The Cost of the Empty Chair
Let us return to the human scale, because geopolitics is ultimately just the study of where people live and how they die.
Imagine a continent ten years from now where this council was never formed. The year is 2036. The fragmentation has deepened. Individual European nations, realizing that Brussels cannot protect them in a crisis, have begun making separate, private peace deals with global superpowers.
A small state in the east agrees to install foreign-controlled 6G surveillance infrastructure in exchange for a guaranteed energy supply during a freezing winter. A southern nation leases its primary deep-water port to a hostile navy to bail out its failing pension system. The map of Europe remains the same on paper, but underneath, the fabric has been eaten away by termites.

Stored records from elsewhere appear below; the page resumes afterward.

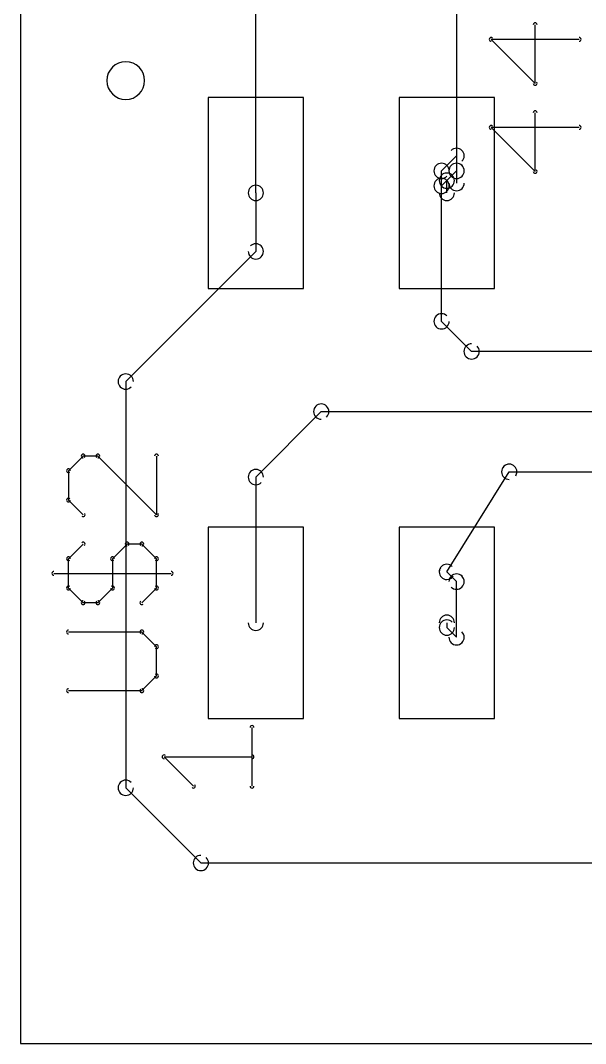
# Model space of a CAD drawing. Extents: x 0 to 139, y 764 to 841.
# Drawn here: x 0.46 to 21.76, y 763.76 to 802.31 of the extents above; entities that cross this region are included whole.
import ezdxf

# ---------------------------------------------------------------- set-up
doc = ezdxf.new("R2010")
doc.units = 0
doc.layers.add('Layer_1', color=7, linetype='CONTINUOUS')

msp = doc.modelspace()

# ---------------------------------------------------------------- linework, layer by layer
at = {"layer": 'Layer_1', "color": 7}
for points in [[(0.456887, 763.762328), (139.354513, 763.762328), (139.354513, 841.431613), (0.456887, 841.431613), (0.456887, 763.762328)], [(9.329327, 795.815082), (9.329327, 814.360749), (9.442713, 814.474135)], [(16.89783, 806.848939), (16.89783, 796.644215), (16.89783, 796.183586)], [(21.516035, 801.598892), (18.2012, 801.598892), (19.858617, 799.941475), (19.858617, 802.151365)], [(21.516035, 798.284058), (18.2012, 798.284058), (19.858617, 796.626641), (19.858617, 798.83653)], [(16.330901, 790.974925), (16.330901, 796.077286), (16.330901, 796.644215), (16.89783, 797.211144)], [(16.127374, 796.847743), (16.127374, 796.847743)], [(17.101358, 797.007617), (17.101358, 797.007617)], [(16.325799, 796.479239), (16.325799, 796.479239)], [(16.529326, 795.815082), (16.529326, 796.275711), (16.89783, 796.644215)], [(17.101358, 796.440688), (17.101358, 796.440688)], [(16.127374, 796.280814), (16.127374, 796.280814)], [(16.529326, 796.275711), (16.330901, 796.077286)], [(16.732854, 796.072184), (16.732854, 796.072184)], [(9.329327, 795.815082), (9.329327, 793.611145), (4.42539, 788.707208)], [(9.532854, 793.407617), (9.532854, 793.407617)], [(16.534429, 791.178452), (16.534429, 791.178452)], [(27.669483, 789.841066), (17.464759, 789.841066), (16.330901, 790.974925)], [(17.261232, 789.637539), (17.261232, 789.637539)], [(4.221863, 788.910736), (4.221863, 788.910736)], [(4.42539, 788.707208), (4.42539, 773.400123), (7.260036, 770.565477)], [(11.795468, 787.57335), (67.921448, 787.57335), (69.055306, 788.707208)], [(11.795468, 787.57335), (9.329327, 785.107208)], [(11.998996, 787.369822), (11.998996, 787.369822)], [(5.585327, 785.898641), (5.585327, 783.688752), (3.375438, 785.898641), (2.822965, 785.898641), (2.270493, 785.346169), (2.270493, 784.241224), (2.822965, 783.688752)], [(9.125799, 785.310736), (9.125799, 785.310736)], [(16.529326, 781.535555), (18.882082, 785.305634)], [(18.882082, 785.305634), (74.50066, 785.305634), (76.130581, 785.093035)], [(9.329327, 785.107208), (9.329327, 779.615083)], [(19.126429, 785.15313), (19.12645, 785.153091)], [(5.032855, 780.373917), (5.585327, 780.92639), (5.585327, 782.031335), (5.032855, 782.583807), (4.480382, 782.583807), (3.92791, 782.031335), (3.92791, 780.92639), (3.375438, 780.373917), (2.822965, 780.373917), (2.270493, 780.92639), (2.270493, 782.031335), (2.822965, 782.583807)], [(1.71802, 781.478862), (6.1378, 781.478862)], [(16.28498, 781.688059), (16.284959, 781.688098)], [(16.89783, 779.069414), (16.89783, 781.167051), (16.529326, 781.535555)], [(16.732854, 781.739083), (16.732854, 781.739083)], [(16.694303, 780.963524), (16.694303, 780.963524)], [(16.529326, 779.615083), (16.529326, 779.437918), (16.89783, 779.069414)], [(16.732854, 779.641445), (16.732854, 779.641445)], [(2.270493, 777.059083), (5.032855, 777.059083), (5.585327, 777.611556), (5.585327, 778.7165), (5.032855, 779.268973), (2.270493, 779.268973)], [(16.694303, 778.865886), (16.694303, 778.865886)], [(9.185327, 773.459083), (9.185327, 775.668973)], [(6.975437, 773.459083), (5.870493, 774.564028), (9.185327, 774.564028)], [(4.628918, 773.60365), (4.628918, 773.60365)], [(7.056508, 770.36195), (7.056508, 770.36195)], [(7.260036, 770.565477), (34.534994, 770.565477)]]:
    msp.add_lwpolyline(points, dxfattribs=at)
for points in [[(11.129327, 792.215082), (11.129327, 799.415081), (7.529327, 799.415081), (7.529327, 792.215082), (11.129327, 792.215082)], [(18.329326, 792.215082), (18.329326, 799.415081), (14.729327, 799.415081), (14.729327, 792.215082), (18.329326, 792.215082)], [(11.129327, 776.015083), (11.129327, 783.215083), (7.529327, 783.215083), (7.529327, 776.015083), (11.129327, 776.015083)], [(18.329326, 776.015083), (18.329326, 783.215083), (14.729327, 783.215083), (14.729327, 776.015083), (18.329326, 776.015083)]]:
    msp.add_lwpolyline(points, close=True, dxfattribs=at)
for points in [[(19.858617, 802.223365), (19.818853, 802.223365), (19.786617, 802.191135), (19.786617, 802.151365)], [(19.930617, 802.151365), (19.930617, 802.191135), (19.898382, 802.223365), (19.858617, 802.223365)], [(18.2012, 801.671176), (18.161348, 801.671176), (18.129042, 801.638861), (18.129042, 801.599006)], [(18.129042, 801.599006), (18.129042, 801.579163), (18.13712, 801.56105), (18.150188, 801.547982)], [(18.2012, 801.670892), (18.161436, 801.670892), (18.1292, 801.638662), (18.1292, 801.598892)], [(18.1292, 801.598892), (18.1292, 801.559122), (18.161436, 801.526892), (18.2012, 801.526892)], [(18.252224, 801.649916), (18.239156, 801.662955), (18.221125, 801.671176), (18.2012, 801.671176)], [(21.588035, 801.598892), (21.588035, 801.638662), (21.555799, 801.670892), (21.516035, 801.670892)], [(21.516035, 801.526892), (21.555799, 801.526892), (21.588035, 801.559122), (21.588035, 801.598892)], [(4.42539, 800.758987), (4.031503, 800.758987), (3.712194, 800.439678), (3.712194, 800.04579)], [(4.42539, 800.758987), (4.031503, 800.758987), (3.712194, 800.439678), (3.712194, 800.04579)], [(5.138587, 800.04579), (5.138587, 800.439678), (4.819278, 800.758987), (4.42539, 800.758987)], [(5.138587, 800.04579), (5.138587, 800.439678), (4.819278, 800.758987), (4.42539, 800.758987)], [(3.712194, 800.04579), (3.712194, 799.651902), (4.031503, 799.332593), (4.42539, 799.332593)], [(3.712194, 800.04579), (3.712194, 799.651902), (4.031503, 799.332593), (4.42539, 799.332593)], [(4.42539, 799.332593), (4.819278, 799.332593), (5.138587, 799.651902), (5.138587, 800.04579)], [(4.42539, 799.332593), (4.819278, 799.332593), (5.138587, 799.651902), (5.138587, 800.04579)], [(19.786617, 799.941475), (19.786617, 799.901705), (19.818853, 799.869475), (19.858617, 799.869475)], [(19.858617, 799.869475), (19.898382, 799.869475), (19.930617, 799.901705), (19.930617, 799.941475)], [(19.858617, 799.869192), (19.89847, 799.869192), (19.930776, 799.901506), (19.930776, 799.941362)], [(19.930776, 799.941362), (19.930776, 799.961204), (19.922697, 799.979317), (19.90963, 799.992385)], [(19.807594, 799.890451), (19.820662, 799.877412), (19.838693, 799.869192), (19.858617, 799.869192)], [(19.858617, 798.90853), (19.818853, 798.90853), (19.786617, 798.8763), (19.786617, 798.83653)], [(19.930617, 798.83653), (19.930617, 798.8763), (19.898382, 798.90853), (19.858617, 798.90853)], [(18.2012, 798.356341), (18.161348, 798.356341), (18.129042, 798.324026), (18.129042, 798.284171)], [(18.129042, 798.284171), (18.129042, 798.264329), (18.13712, 798.246215), (18.150188, 798.233148)], [(18.2012, 798.356058), (18.161436, 798.356058), (18.1292, 798.323828), (18.1292, 798.284058)], [(18.1292, 798.284058), (18.1292, 798.244288), (18.161436, 798.212058), (18.2012, 798.212058)], [(18.252224, 798.335081), (18.239156, 798.348121), (18.221125, 798.356341), (18.2012, 798.356341)], [(21.588035, 798.284058), (21.588035, 798.323828), (21.555799, 798.356058), (21.516035, 798.356058)], [(21.516035, 798.212058), (21.555799, 798.212058), (21.588035, 798.244288), (21.588035, 798.284058)], [(16.897829, 797.498977), (16.818345, 797.498977), (16.746388, 797.466747), (16.694301, 797.414675)], [(17.18566, 797.211144), (17.18566, 797.370111), (17.056794, 797.498977), (16.897829, 797.498977)], [(17.101358, 797.007617), (17.153444, 797.059718), (17.18566, 797.131661), (17.18566, 797.211144)], [(16.330901, 796.932215), (16.171844, 796.932215), (16.042901, 796.803267), (16.042901, 796.644215)], [(16.127374, 796.847743), (16.075287, 796.795642), (16.043071, 796.723699), (16.043071, 796.644215)], [(16.618901, 796.644215), (16.618901, 796.803267), (16.489959, 796.932215), (16.330901, 796.932215)], [(16.89783, 796.932215), (16.738773, 796.932215), (16.60983, 796.803267), (16.60983, 796.644215)], [(16.897829, 796.932048), (16.818345, 796.932048), (16.746388, 796.899818), (16.694301, 796.847746)], [(17.18566, 796.644215), (17.18566, 796.803182), (17.056794, 796.932048), (16.897829, 796.932048)], [(17.18583, 796.644215), (17.18583, 796.803267), (17.056888, 796.932215), (16.89783, 796.932215)], [(16.043071, 796.644215), (16.043071, 796.485248), (16.171937, 796.356383), (16.330903, 796.356383)], [(16.529326, 796.563711), (16.370269, 796.563711), (16.241326, 796.434763), (16.241326, 796.275711)], [(16.325799, 796.479239), (16.273712, 796.427167), (16.241494, 796.355195), (16.241494, 796.275711)], [(16.529328, 796.563544), (16.449844, 796.563544), (16.377887, 796.531314), (16.3258, 796.479242)], [(16.330903, 796.356383), (16.410386, 796.356383), (16.482344, 796.388613), (16.53443, 796.440685)], [(16.817326, 796.275711), (16.817326, 796.434763), (16.688384, 796.563711), (16.529326, 796.563711)], [(16.817159, 796.275711), (16.817159, 796.434678), (16.688293, 796.563544), (16.529328, 796.563544)], [(16.60983, 796.644215), (16.60983, 796.485163), (16.738773, 796.356215), (16.89783, 796.356215)], [(16.89783, 796.356215), (17.056888, 796.356215), (17.18583, 796.485163), (17.18583, 796.644215)], [(17.101358, 796.440688), (17.153444, 796.49276), (17.18566, 796.564732), (17.18566, 796.644215)], [(19.786617, 796.626641), (19.786617, 796.586871), (19.818853, 796.554641), (19.858617, 796.554641)], [(19.807594, 796.575617), (19.820662, 796.562578), (19.838693, 796.554357), (19.858617, 796.554357)], [(19.858617, 796.554641), (19.898382, 796.554641), (19.930617, 796.586871), (19.930617, 796.626641)], [(19.858617, 796.554357), (19.89847, 796.554357), (19.930776, 796.586672), (19.930776, 796.626527)], [(19.930776, 796.626527), (19.930776, 796.64637), (19.922697, 796.664483), (19.90963, 796.677551)], [(9.329327, 796.103082), (9.170269, 796.103082), (9.041327, 795.974134), (9.041327, 795.815082)], [(9.617327, 795.815082), (9.617327, 795.974134), (9.488385, 796.103082), (9.329327, 796.103082)], [(16.330901, 796.365286), (16.171844, 796.365286), (16.042901, 796.236338), (16.042901, 796.077286)], [(16.042901, 796.077286), (16.042901, 795.918234), (16.171844, 795.789286), (16.330901, 795.789286)], [(16.127374, 796.280814), (16.075287, 796.228713), (16.043071, 796.15677), (16.043071, 796.077286)], [(16.043071, 796.077286), (16.043071, 795.918319), (16.171937, 795.789454), (16.330903, 795.789454)], [(16.241494, 796.275711), (16.241494, 796.116745), (16.370359, 795.987879), (16.529325, 795.987879)], [(16.618901, 796.077286), (16.618901, 796.236338), (16.489959, 796.365286), (16.330901, 796.365286)], [(16.330901, 795.789286), (16.489959, 795.789286), (16.618901, 795.918234), (16.618901, 796.077286)], [(16.529325, 795.987879), (16.608808, 795.987879), (16.680766, 796.020109), (16.732852, 796.072181)], [(16.60983, 796.183586), (16.60983, 796.024534), (16.738773, 795.895586), (16.89783, 795.895586)], [(16.732854, 796.072184), (16.784941, 796.124285), (16.817159, 796.196228), (16.817159, 796.275711)], [(16.89783, 795.895586), (17.056888, 795.895586), (17.18583, 796.024534), (17.18583, 796.183586)], [(9.041327, 795.815082), (9.041327, 795.65603), (9.170269, 795.527082), (9.329327, 795.527082)], [(9.329327, 795.527082), (9.488385, 795.527082), (9.617327, 795.65603), (9.617327, 795.815082)], [(16.241326, 795.815082), (16.241326, 795.65603), (16.370269, 795.527082), (16.529326, 795.527082)], [(16.330903, 795.789454), (16.410386, 795.789454), (16.482344, 795.821683), (16.53443, 795.873756)], [(16.529326, 795.527082), (16.688384, 795.527082), (16.817326, 795.65603), (16.817326, 795.815082)], [(9.329326, 793.898978), (9.249842, 793.898978), (9.177885, 793.866748), (9.125798, 793.814675)], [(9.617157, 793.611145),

Elena is still working in Tallinn, or somewhere like it. But she no longer reports the anomalies. Why bother? She knows that if she raises the alarm, the report will simply sit in an inbox in a city hundreds of miles away, waiting for a meeting that will happen long after her world has changed.
We have spent decades treating peace as a permanent climate rather than a fragile ecosystem that requires constant, aggressive maintenance. We believed the treaties would protect us. We believed the trade agreements would civilize our neighbors.
The lights did not stay on in Riga that Tuesday because we were smart; they stayed on because the adversary decided to turn them back on as a warning. It was a test run. A demonstration of concept. They wanted to see how long it would take for the giant to wake up.
The giant did not even roll over.
The next time, there will be no warning. The screens will go dark, the cables will snap, and the decisions will be made for us while we are still searching for a room where everyone agrees. The table is already built. The chairs are waiting. We only need the courage to sit down, close the door, and finally learn how to speak with a single, unbroken voice.